◆ INFORMATION SUPPLIED
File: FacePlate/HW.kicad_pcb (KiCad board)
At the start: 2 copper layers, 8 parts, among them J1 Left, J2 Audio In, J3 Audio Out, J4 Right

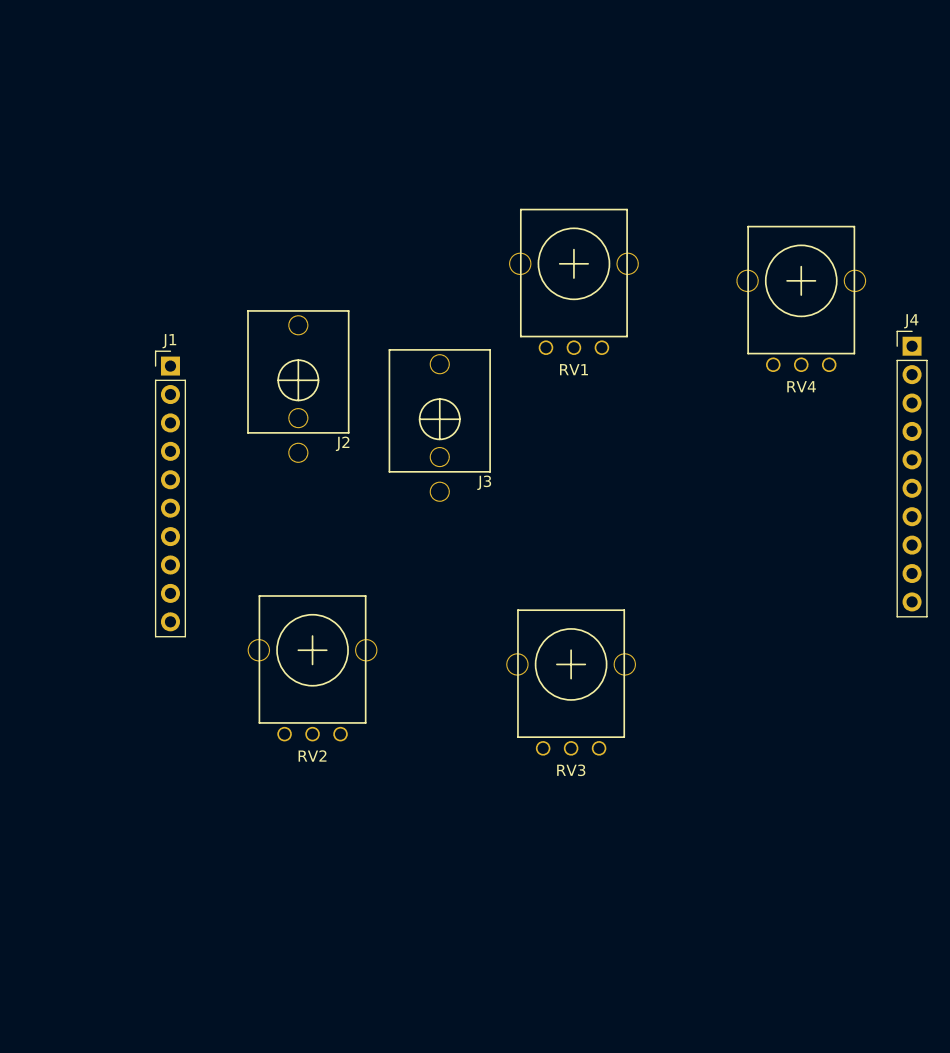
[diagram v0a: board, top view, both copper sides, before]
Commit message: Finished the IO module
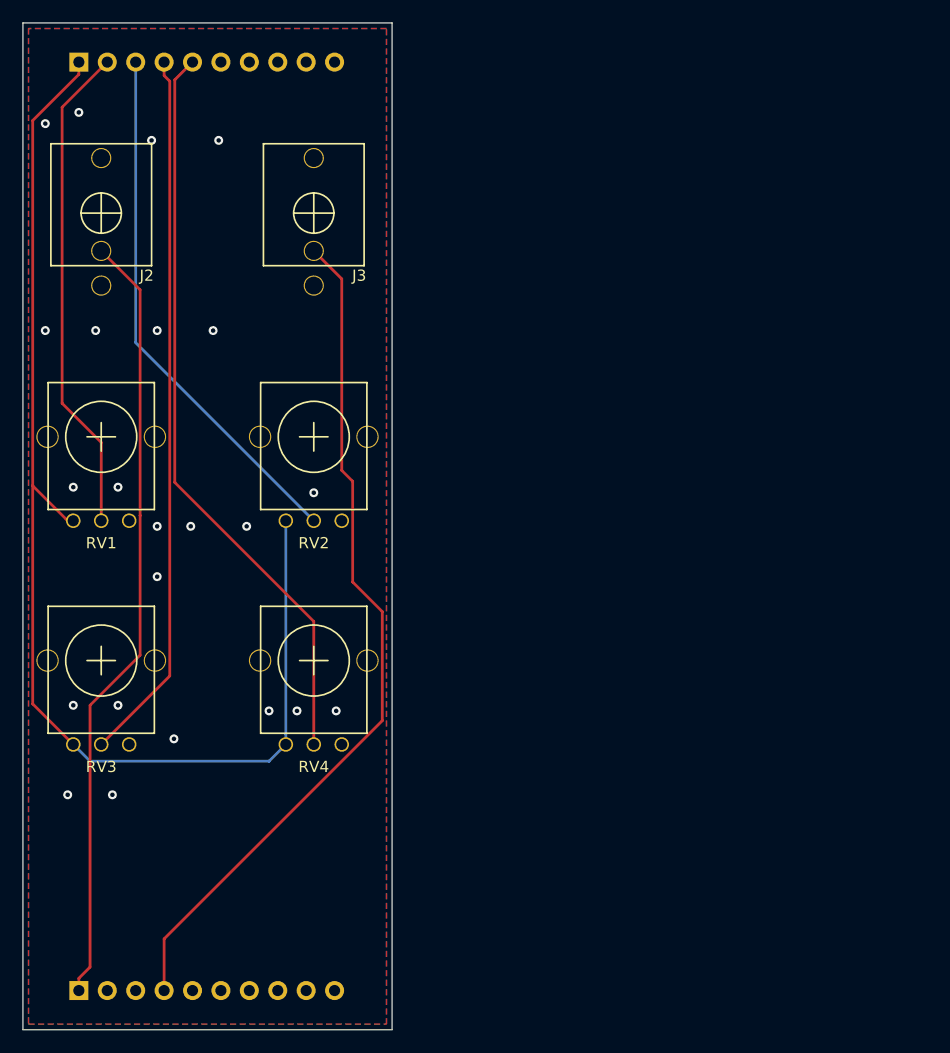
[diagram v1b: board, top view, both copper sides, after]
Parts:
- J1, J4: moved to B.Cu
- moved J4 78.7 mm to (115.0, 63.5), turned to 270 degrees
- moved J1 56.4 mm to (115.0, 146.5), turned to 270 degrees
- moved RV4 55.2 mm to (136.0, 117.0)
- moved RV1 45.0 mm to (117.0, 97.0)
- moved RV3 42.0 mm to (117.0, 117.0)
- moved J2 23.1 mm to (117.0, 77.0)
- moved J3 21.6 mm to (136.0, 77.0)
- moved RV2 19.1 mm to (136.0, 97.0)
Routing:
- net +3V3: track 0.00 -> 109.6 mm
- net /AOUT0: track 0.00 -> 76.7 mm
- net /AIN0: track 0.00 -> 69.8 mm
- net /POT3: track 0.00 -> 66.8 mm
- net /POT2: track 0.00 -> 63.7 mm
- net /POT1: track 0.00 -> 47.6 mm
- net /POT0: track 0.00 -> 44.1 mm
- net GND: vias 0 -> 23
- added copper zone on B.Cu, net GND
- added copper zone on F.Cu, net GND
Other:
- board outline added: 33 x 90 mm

◆ INSTRUCTIONS FOR THE TASK
Copy out each line of the records that holds the string "diagram".

◆ WORKED SOLUTION
[diagram v0a: board, top view, both copper sides, before]
[diagram v1b: board, top view, both copper sides, after]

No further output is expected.